| Problem details |
Copy the lines below exactly. Start at the first and finish with the line containing "Bm = 15.1e-4".

| Provided records |
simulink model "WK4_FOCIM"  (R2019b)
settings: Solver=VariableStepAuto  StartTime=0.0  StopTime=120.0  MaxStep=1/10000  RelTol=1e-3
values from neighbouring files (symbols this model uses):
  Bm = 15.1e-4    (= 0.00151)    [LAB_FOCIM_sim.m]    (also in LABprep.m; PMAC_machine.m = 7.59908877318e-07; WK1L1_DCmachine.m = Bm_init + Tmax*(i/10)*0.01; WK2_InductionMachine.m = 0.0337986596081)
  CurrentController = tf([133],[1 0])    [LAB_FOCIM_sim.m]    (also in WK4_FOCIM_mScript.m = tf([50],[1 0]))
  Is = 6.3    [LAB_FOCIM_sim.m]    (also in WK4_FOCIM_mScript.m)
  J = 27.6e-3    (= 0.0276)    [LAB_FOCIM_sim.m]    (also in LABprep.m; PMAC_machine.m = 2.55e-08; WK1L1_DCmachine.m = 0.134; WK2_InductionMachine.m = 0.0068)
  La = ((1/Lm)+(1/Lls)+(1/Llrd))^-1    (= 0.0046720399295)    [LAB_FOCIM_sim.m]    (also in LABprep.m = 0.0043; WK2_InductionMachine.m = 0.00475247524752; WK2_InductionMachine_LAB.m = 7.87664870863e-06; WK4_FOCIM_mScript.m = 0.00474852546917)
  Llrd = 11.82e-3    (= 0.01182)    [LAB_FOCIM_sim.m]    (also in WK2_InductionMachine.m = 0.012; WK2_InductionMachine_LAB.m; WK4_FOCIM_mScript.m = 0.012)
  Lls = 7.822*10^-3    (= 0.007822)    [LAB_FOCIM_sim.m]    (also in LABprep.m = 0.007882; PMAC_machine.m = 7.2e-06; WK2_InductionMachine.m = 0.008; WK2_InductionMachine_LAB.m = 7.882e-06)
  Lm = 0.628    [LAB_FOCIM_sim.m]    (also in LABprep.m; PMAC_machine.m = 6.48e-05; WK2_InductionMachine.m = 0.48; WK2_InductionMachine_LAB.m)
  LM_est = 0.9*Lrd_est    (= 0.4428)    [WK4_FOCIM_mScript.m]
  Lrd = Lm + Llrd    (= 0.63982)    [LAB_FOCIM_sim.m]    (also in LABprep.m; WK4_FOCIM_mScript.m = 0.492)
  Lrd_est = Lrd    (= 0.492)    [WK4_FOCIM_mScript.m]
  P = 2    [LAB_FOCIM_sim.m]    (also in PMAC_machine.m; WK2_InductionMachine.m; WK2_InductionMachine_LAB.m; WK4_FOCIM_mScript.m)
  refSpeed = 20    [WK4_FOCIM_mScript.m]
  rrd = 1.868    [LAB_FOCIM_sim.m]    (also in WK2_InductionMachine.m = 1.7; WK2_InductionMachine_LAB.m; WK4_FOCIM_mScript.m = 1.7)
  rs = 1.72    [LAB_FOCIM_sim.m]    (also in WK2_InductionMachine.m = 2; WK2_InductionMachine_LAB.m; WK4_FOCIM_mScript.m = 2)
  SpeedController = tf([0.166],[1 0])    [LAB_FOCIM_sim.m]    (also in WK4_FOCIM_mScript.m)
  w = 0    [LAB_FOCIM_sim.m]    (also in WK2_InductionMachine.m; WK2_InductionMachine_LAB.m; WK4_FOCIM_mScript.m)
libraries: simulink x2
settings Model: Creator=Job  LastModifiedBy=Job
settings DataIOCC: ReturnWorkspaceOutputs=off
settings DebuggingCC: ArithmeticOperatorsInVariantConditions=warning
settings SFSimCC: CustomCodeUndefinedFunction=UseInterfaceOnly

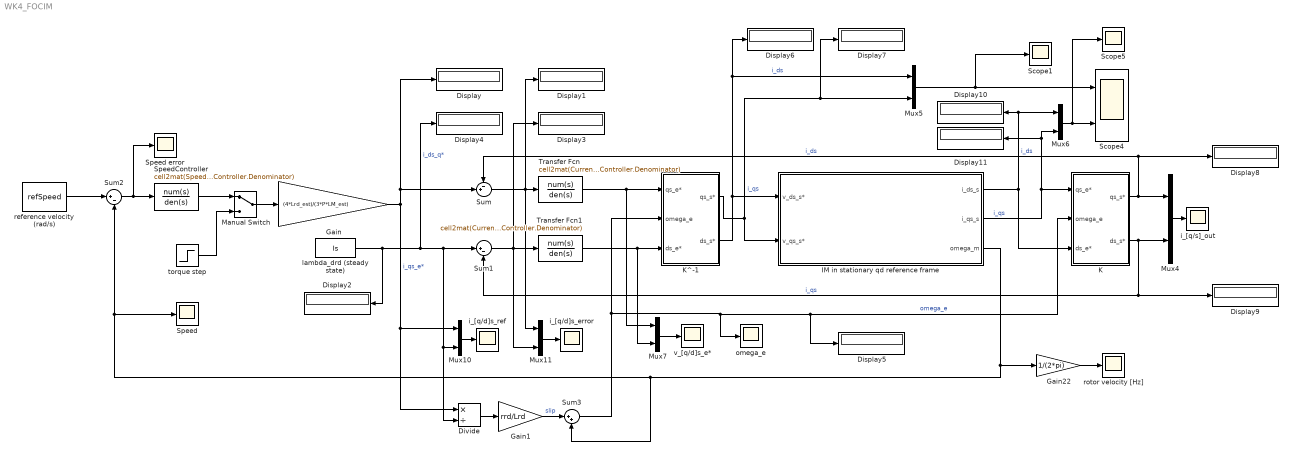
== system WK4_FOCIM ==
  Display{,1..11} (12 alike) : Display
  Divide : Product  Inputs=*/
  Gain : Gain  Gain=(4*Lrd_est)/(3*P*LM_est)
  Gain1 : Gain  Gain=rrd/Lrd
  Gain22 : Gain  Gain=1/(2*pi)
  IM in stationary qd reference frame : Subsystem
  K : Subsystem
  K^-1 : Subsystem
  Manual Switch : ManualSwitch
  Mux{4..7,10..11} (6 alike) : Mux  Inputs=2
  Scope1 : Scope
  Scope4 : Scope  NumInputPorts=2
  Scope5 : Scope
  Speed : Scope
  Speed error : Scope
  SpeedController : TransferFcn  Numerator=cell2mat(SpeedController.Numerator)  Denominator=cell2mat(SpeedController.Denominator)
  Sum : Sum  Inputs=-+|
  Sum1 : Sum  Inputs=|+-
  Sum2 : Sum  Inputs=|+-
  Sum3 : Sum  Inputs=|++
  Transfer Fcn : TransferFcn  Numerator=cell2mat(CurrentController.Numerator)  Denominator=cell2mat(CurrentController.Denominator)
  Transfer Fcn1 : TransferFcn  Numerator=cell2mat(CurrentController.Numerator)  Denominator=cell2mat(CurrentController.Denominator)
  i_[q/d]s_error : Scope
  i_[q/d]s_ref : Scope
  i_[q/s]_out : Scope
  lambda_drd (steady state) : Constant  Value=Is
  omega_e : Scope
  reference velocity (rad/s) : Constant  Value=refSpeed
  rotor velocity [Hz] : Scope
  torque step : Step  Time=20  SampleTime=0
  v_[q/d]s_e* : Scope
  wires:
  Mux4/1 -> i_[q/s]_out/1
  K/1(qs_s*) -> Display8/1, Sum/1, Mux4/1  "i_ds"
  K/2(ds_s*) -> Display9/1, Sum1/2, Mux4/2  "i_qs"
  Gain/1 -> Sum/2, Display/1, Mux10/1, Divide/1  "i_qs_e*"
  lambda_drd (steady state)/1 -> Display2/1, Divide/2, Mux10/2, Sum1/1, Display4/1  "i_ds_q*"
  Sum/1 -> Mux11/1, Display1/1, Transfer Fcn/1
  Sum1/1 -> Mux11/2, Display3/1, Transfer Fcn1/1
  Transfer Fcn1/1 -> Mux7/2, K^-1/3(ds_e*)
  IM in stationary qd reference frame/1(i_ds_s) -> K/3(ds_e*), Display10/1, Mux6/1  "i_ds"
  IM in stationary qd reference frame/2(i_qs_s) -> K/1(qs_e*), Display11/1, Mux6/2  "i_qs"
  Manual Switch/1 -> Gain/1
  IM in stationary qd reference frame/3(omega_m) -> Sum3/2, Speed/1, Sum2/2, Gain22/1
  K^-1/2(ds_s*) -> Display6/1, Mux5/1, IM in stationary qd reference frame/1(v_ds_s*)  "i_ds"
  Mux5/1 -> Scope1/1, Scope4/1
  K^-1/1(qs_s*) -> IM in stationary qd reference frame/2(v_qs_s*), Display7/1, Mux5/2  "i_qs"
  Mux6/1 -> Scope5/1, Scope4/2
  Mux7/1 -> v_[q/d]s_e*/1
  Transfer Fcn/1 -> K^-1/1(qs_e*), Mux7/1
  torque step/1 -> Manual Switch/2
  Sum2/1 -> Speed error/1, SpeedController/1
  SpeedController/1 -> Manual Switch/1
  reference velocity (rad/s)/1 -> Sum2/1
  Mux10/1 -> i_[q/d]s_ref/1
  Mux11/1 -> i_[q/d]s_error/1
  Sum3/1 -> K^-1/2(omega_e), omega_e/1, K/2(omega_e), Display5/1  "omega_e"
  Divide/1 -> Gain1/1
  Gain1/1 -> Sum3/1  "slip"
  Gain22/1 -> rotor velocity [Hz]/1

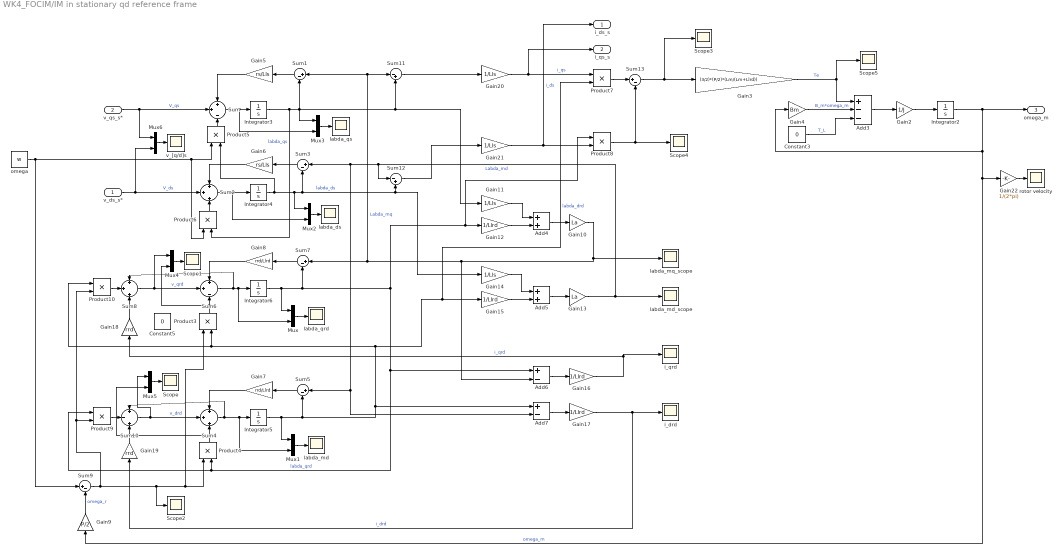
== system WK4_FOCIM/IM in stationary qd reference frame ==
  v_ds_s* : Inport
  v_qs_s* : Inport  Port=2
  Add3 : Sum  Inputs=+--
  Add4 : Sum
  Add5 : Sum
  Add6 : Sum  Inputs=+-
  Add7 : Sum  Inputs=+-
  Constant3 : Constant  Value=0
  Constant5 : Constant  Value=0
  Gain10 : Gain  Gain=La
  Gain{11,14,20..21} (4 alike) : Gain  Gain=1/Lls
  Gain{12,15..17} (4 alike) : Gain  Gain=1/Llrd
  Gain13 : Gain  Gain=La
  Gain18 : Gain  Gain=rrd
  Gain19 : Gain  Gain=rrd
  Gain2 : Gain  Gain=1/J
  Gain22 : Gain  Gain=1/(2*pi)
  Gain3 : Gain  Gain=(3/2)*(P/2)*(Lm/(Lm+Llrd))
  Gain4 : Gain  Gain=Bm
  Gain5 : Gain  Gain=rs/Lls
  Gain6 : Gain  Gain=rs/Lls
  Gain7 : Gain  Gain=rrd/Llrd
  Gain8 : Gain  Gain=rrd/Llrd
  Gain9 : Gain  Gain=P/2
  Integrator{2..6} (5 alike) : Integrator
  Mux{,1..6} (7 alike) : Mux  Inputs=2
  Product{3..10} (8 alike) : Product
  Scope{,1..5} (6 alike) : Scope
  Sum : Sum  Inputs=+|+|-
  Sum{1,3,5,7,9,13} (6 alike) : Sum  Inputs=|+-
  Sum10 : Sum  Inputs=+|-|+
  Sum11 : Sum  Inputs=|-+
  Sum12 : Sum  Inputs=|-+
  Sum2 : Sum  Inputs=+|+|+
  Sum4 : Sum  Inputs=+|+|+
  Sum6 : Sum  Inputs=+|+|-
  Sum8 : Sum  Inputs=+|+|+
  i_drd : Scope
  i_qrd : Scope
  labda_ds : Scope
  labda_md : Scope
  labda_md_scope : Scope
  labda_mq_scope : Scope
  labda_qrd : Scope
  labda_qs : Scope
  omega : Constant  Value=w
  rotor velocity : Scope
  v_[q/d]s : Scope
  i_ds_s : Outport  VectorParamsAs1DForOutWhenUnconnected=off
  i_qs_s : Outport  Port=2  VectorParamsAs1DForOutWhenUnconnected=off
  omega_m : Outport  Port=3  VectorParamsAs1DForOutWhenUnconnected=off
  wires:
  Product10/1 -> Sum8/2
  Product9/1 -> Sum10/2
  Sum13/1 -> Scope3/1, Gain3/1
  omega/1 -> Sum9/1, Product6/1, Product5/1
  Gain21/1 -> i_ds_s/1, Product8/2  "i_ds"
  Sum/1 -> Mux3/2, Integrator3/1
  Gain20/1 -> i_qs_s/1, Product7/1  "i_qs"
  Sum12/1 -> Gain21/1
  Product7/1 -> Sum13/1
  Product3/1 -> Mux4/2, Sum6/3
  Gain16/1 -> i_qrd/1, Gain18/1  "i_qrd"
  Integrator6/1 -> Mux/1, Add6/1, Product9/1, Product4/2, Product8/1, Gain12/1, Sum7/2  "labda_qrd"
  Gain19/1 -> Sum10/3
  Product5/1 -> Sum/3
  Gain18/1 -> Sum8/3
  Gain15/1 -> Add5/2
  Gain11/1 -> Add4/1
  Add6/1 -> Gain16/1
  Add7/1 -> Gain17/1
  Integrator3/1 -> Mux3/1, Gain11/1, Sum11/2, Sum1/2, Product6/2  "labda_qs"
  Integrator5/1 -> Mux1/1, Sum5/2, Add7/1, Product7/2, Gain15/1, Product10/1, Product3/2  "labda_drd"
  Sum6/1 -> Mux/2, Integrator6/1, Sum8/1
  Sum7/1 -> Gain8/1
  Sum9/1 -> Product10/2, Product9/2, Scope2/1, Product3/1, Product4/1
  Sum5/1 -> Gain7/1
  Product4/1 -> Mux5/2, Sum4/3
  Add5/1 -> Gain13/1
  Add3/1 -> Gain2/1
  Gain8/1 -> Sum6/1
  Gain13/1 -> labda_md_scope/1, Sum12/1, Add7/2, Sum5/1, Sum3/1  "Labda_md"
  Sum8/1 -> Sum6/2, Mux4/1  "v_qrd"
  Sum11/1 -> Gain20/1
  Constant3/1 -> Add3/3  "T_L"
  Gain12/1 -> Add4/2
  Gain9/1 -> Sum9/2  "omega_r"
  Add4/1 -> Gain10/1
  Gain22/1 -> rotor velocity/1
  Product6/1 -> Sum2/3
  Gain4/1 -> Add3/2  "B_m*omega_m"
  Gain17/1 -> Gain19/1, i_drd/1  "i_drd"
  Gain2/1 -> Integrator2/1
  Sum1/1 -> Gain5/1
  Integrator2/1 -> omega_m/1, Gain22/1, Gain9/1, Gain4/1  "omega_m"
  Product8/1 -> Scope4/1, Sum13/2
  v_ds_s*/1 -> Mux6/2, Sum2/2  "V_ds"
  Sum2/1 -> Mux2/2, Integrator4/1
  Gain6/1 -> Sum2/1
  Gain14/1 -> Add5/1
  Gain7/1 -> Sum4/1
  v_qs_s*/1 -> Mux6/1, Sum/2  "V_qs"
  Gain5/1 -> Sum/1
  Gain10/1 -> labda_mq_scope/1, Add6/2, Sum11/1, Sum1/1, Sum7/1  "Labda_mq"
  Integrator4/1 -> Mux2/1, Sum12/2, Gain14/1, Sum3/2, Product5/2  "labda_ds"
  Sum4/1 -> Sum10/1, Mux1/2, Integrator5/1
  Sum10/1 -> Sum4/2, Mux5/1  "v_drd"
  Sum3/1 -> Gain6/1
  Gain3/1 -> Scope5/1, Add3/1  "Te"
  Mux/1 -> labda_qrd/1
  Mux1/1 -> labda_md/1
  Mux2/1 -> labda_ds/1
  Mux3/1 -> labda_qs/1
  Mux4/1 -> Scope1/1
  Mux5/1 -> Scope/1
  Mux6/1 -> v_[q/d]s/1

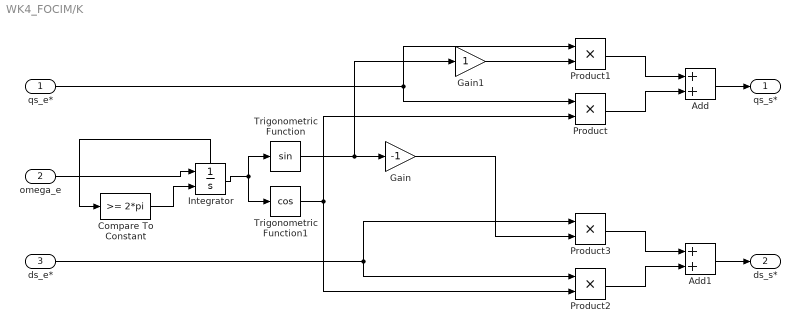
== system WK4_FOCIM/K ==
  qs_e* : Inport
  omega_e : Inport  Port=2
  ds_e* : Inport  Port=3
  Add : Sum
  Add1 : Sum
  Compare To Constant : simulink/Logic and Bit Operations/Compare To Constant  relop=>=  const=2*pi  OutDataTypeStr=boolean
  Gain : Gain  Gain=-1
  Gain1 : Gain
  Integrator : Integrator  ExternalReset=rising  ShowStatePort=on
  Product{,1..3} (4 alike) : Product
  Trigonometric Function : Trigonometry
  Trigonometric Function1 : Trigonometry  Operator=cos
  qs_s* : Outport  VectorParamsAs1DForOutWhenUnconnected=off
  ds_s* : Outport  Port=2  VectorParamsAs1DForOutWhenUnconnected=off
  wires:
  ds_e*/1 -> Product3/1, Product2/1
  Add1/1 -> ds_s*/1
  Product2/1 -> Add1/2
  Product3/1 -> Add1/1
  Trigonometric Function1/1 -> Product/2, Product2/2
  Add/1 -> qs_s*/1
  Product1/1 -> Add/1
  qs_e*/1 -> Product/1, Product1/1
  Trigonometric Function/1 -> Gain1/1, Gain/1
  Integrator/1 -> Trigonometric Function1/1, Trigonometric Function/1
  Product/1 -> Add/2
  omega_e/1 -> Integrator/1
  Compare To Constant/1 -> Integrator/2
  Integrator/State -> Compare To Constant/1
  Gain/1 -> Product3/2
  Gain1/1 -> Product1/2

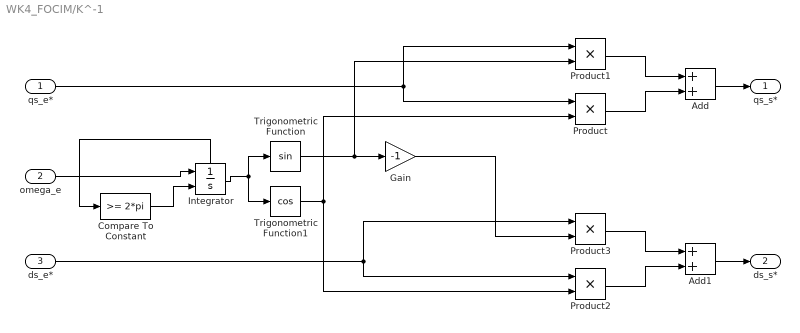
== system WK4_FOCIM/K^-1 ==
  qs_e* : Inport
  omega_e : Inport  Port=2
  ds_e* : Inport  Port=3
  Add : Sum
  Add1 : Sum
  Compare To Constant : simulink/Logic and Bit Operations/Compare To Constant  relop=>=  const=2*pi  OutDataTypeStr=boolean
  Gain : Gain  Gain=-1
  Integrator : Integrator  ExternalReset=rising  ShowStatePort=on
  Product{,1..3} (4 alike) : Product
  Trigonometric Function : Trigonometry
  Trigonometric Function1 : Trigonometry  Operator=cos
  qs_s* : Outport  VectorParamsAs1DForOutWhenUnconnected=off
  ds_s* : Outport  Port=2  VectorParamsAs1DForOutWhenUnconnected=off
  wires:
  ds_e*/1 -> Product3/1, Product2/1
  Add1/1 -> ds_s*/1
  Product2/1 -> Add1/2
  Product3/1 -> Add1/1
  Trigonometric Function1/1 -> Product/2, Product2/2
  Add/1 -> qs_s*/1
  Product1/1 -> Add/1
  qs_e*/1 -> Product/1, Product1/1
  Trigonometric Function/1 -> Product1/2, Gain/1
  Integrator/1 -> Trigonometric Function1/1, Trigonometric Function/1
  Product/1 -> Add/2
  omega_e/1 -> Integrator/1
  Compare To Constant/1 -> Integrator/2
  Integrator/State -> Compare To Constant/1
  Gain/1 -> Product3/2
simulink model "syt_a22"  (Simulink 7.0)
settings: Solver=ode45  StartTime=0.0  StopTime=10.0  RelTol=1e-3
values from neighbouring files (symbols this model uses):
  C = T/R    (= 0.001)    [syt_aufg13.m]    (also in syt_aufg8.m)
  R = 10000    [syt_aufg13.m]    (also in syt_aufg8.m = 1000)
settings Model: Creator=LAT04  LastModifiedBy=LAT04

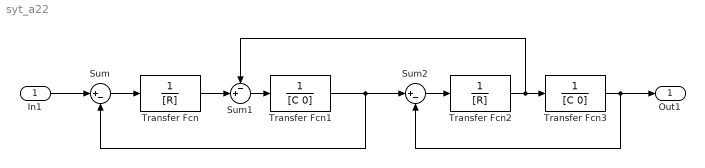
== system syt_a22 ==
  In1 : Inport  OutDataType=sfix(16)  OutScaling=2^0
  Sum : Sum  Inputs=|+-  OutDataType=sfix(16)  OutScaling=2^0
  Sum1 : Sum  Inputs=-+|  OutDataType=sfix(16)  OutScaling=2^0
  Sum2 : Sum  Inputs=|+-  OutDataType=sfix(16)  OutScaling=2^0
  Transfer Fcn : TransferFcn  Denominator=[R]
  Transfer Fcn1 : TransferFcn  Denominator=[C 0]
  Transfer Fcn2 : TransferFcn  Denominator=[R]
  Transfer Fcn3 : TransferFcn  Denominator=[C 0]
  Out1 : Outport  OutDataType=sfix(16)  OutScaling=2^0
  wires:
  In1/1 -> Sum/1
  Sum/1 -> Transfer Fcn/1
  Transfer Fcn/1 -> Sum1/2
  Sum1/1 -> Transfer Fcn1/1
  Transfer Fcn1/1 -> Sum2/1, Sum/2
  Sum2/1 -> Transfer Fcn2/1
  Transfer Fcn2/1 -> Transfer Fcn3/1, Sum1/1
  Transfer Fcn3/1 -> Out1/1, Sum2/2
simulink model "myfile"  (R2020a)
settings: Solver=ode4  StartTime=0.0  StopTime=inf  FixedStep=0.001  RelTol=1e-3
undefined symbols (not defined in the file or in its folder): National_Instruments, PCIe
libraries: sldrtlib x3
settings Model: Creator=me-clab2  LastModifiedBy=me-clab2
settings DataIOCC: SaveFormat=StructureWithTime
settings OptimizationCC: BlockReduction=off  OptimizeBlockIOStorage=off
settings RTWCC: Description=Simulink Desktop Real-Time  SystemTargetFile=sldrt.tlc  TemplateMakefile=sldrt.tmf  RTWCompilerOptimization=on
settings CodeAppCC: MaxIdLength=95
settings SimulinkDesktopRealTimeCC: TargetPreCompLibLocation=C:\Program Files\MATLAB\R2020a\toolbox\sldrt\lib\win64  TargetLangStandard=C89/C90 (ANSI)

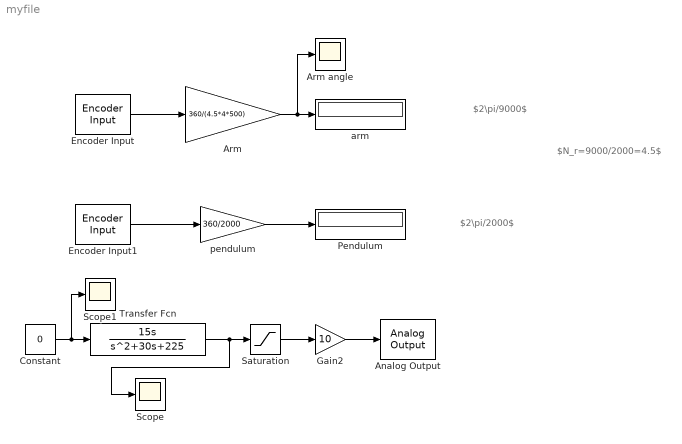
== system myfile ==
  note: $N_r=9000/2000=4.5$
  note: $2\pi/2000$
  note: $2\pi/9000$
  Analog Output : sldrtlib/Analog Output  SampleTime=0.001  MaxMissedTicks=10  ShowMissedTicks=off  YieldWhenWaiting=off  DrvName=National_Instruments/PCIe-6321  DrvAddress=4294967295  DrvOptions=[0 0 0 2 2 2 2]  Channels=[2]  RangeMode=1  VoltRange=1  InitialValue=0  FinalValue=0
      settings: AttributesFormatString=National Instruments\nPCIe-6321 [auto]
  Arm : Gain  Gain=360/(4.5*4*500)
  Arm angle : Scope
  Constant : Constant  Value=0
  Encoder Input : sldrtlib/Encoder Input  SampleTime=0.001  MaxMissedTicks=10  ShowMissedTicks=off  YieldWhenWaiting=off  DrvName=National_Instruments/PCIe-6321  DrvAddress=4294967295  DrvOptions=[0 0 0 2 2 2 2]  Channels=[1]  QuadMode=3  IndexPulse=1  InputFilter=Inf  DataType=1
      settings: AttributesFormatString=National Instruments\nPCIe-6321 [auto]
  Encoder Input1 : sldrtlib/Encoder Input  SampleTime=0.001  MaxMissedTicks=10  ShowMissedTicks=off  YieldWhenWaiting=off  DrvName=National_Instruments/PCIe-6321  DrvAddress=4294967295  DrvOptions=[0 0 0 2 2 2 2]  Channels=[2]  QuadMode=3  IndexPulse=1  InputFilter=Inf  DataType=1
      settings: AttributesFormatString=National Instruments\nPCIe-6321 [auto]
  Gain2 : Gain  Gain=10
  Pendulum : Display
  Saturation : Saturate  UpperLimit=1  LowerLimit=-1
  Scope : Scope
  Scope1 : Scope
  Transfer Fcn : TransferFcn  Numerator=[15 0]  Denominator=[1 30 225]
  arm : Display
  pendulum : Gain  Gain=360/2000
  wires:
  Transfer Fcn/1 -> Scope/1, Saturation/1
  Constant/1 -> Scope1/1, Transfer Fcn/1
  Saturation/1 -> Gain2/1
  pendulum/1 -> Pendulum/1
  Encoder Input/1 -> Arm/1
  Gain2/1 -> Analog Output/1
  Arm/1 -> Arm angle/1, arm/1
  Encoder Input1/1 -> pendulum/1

| Exercise answer |
simulink model "WK4_FOCIM"  (R2019b)
settings: Solver=VariableStepAuto  StartTime=0.0  StopTime=120.0  MaxStep=1/10000  RelTol=1e-3
values from neighbouring files (symbols this model uses):
  Bm = 15.1e-4    (= 0.00151)    [LAB_FOCIM_sim.m]    (also in LABprep.m; PMAC_machine.m = 7.59908877318e-07; WK1L1_DCmachine.m = Bm_init + Tmax*(i/10)*0.01; WK2_InductionMachine.m = 0.0337986596081)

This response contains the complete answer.